On Tuesday, a pair of studies showed that the amount of methane, a powerful greenhouse gas, in the atmosphere has risen to record levels, and that while globally agriculture remains a key source of methane, fossil fuels are to blame for 80% of the increase in methane pollution in North America. Between 2000 and 2017, methane concentrations have risen by 9% globally, as a result of an 11% increase in emissions from agriculture, land use and landfills, and a 15% increase in methane pollution from fossil fuels.
Getting more specific, while methane emitted from coal mining and burning was a major source of emissions at the start of the 21st century, the rise of fracking has more than offset the reductions from reduced coal use. If we want any hope of keeping climate change in check, we will need to eliminate these emissions.
Or will we? The day after these peer-reviewed studies essentially proved that the methane leaks from fracking and natural gas operations are a major source of pollution, the American Petroleum Institute rushed to place a story in the Washington Examiner about the amazing success of their voluntary efforts to reduce emissions.
According to API’s progress self-report, the oil and gas companies involved in the program have conducted thousands of leak surveys on millions of components, and found that there’s less than 1 leak per every 1,000 components, or a 0.08% “leak occurrence rate.”
Which certainly sounds impressive, until you consider, as EDF’s Ben Ratner pointed out, “a small number of very large methane emissions events is a huge part of the overall problem, so just because a company reports a low methane emission frequency does not mean actual levels of methane emissions are low.” (The Exxon Valdez only ran into Alaska once, after all.)
And indeed, though API’s nearly 40-page progress report has a lot of claims about environmental performance improvements, nowhere does it actually show that the voluntary efforts have actually reduced methane emissions. In fact, the only thing that comes close is a graph showing a gradual reduction in “methane intensity,” which, when averaged between 7 basins, is slowly (barely) declining.
But because it shows the amount of methane pollution per million cubic feet of gas produced by region, and because these regions have been increasing how much gas they produce, the pictured decline actually obscures a damning admission: the real-world increase in methane pollution in the past 20 years.

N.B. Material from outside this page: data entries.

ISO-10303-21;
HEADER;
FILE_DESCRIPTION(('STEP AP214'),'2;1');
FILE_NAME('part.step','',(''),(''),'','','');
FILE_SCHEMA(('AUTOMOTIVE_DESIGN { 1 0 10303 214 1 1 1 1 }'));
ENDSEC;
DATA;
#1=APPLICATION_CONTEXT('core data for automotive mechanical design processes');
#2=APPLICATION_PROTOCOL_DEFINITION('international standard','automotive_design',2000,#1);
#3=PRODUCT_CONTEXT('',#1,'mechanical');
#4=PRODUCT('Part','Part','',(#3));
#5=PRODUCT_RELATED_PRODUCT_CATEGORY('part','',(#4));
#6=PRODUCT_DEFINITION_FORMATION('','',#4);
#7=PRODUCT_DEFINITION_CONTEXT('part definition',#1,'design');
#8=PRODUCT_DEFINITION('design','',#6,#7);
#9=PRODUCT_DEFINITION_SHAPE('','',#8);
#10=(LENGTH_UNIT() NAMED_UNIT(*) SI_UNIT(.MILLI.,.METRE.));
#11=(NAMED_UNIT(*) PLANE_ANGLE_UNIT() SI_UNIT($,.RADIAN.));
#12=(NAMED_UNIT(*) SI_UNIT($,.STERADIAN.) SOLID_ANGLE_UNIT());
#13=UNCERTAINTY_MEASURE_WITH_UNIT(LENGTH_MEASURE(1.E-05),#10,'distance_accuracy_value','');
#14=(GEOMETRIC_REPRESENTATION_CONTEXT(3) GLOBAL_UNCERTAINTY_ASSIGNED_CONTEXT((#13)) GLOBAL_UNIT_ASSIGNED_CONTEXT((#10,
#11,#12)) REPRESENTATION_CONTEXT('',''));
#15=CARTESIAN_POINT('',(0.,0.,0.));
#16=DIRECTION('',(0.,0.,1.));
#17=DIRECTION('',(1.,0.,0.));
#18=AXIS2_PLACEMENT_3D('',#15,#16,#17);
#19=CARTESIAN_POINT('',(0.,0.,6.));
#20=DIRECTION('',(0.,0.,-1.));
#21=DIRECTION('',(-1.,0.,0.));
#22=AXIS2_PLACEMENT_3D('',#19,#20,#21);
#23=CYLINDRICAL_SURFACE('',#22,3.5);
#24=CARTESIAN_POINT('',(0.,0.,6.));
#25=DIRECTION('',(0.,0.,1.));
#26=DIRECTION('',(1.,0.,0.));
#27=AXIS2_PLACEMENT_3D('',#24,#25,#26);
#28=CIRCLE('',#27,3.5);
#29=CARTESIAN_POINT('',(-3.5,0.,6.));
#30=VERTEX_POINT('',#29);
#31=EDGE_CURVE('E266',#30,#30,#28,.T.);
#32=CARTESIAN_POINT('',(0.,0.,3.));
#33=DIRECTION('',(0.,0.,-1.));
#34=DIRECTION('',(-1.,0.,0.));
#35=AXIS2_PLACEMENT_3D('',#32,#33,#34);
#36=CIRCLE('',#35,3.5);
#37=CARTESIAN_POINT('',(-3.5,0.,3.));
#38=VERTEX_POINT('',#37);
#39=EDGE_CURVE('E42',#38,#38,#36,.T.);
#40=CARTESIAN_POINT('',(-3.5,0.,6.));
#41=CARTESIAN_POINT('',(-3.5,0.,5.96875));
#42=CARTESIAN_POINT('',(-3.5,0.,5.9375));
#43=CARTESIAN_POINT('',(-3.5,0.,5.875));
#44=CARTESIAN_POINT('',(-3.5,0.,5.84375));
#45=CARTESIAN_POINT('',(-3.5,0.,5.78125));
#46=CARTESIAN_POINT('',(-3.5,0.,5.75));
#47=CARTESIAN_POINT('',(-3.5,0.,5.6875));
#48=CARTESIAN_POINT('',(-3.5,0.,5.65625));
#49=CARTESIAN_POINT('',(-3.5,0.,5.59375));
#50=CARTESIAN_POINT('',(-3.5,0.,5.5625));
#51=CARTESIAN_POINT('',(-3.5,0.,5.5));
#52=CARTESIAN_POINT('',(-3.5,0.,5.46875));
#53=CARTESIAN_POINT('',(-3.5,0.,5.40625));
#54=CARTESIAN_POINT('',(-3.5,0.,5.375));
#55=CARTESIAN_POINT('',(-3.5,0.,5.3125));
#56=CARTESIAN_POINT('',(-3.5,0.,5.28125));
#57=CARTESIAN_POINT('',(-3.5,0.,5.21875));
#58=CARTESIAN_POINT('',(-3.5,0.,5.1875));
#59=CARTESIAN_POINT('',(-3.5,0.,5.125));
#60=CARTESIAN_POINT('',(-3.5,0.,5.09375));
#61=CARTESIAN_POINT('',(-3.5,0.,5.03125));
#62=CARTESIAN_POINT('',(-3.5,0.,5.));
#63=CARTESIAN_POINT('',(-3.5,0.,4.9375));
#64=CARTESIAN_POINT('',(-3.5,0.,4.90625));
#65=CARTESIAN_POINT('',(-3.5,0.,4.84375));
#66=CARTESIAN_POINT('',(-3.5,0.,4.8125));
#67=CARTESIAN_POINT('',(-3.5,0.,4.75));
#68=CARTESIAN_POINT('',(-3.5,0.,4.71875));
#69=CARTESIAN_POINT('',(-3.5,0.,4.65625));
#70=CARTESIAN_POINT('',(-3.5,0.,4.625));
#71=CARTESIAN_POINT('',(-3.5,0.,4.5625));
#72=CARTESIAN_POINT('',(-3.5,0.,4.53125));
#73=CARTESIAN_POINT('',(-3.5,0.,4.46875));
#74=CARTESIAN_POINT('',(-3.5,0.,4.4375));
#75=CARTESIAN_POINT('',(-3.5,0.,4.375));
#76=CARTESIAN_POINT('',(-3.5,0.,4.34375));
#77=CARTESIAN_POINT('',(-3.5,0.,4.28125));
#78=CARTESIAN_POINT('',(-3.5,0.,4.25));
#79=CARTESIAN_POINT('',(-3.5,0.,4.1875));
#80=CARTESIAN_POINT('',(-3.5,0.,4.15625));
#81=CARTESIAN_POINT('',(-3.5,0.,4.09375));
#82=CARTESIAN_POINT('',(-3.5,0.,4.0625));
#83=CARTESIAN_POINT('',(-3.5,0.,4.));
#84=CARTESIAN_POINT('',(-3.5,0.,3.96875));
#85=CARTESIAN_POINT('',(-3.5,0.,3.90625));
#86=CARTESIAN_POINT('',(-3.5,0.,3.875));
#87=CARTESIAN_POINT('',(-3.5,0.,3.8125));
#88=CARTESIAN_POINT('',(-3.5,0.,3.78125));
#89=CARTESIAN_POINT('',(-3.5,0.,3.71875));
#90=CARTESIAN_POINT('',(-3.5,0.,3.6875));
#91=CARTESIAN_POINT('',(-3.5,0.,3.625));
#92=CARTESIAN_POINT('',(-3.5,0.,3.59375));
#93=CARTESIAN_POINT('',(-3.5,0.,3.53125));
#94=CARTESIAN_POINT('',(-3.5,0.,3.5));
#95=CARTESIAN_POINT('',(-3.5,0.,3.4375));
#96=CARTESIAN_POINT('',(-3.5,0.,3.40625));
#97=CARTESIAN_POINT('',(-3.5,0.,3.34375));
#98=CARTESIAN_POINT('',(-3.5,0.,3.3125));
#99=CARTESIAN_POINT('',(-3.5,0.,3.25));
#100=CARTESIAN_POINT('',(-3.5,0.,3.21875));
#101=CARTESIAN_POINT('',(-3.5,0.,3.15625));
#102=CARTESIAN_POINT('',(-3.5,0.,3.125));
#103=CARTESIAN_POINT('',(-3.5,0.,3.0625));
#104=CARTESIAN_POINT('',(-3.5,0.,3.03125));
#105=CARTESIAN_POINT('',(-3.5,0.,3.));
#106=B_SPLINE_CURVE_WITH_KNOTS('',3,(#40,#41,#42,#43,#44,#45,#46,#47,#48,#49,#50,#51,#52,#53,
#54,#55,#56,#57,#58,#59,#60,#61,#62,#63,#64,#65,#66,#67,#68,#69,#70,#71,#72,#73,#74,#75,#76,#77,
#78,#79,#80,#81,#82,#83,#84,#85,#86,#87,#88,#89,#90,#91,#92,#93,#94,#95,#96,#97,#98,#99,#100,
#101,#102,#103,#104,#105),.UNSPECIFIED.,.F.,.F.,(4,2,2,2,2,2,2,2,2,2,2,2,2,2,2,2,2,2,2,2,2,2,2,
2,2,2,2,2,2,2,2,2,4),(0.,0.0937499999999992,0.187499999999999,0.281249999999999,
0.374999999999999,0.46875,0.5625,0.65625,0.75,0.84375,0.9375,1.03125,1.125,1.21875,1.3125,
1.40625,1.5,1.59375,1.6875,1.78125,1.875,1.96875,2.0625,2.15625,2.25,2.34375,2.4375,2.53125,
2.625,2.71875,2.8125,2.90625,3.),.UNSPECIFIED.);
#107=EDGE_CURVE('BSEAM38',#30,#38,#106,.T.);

And then there’s the fact that the industry considers flaring methane to be a reasonable alternative to just venting it, because burning methane before letting it loose in the atmosphere converts it into carbon dioxide, so it's fine.
Of course that hardly makes it safe, especially according to E&E’s coverage of a new study on the effects on pregnancy of flaring in the Eagle Ford basin (which, coincidentally, has by far the lowest methane intensity levels of the 7 regions API averages in its graph).
By examining the birth records of over 20,000 women, the researchers found that pregnant women who live within 3 miles of fracking sites that regularly burn off methane have a 50% greater risk of premature birth, and women who lived near wells had babies with below-average birth weights.
Hispanic women made up 55% of the sample, and their risk was even greater than the white women who were 37% of the sample. “The fact that much of the region is low income,” co-author Jill Johnston said in a press release, “and that approximately 50% of residents living within three miles of an oil or gas well are people of color, raises environmental justice concerns about the oil and gas boom in south Texas.” The answer is obvious: “measures to minimize flaring — such as more stringent regulation of flaring or investments in renewable energy and energy efficiency measures that reduce reliance on fossil fuels overall — would protect the health of infants.”
So while API’s progress report notes that it held a workshop on how companies “can reduce flaring volumes and improve flare reliability and efficiency,” it also called it “the safer environmental option” relative to venting off the methane, despite the benzene and other toxins in the resulting smoke.
When your safer option is not only still very polluting, but also hurting pregnant women and their premature babies, maybe it’s time to admit that voluntary measures aren’t going to cut it.
Then again, there aren’t a lot of women or babies in fossil fuel board rooms so we don’t expect any big changes any time soon.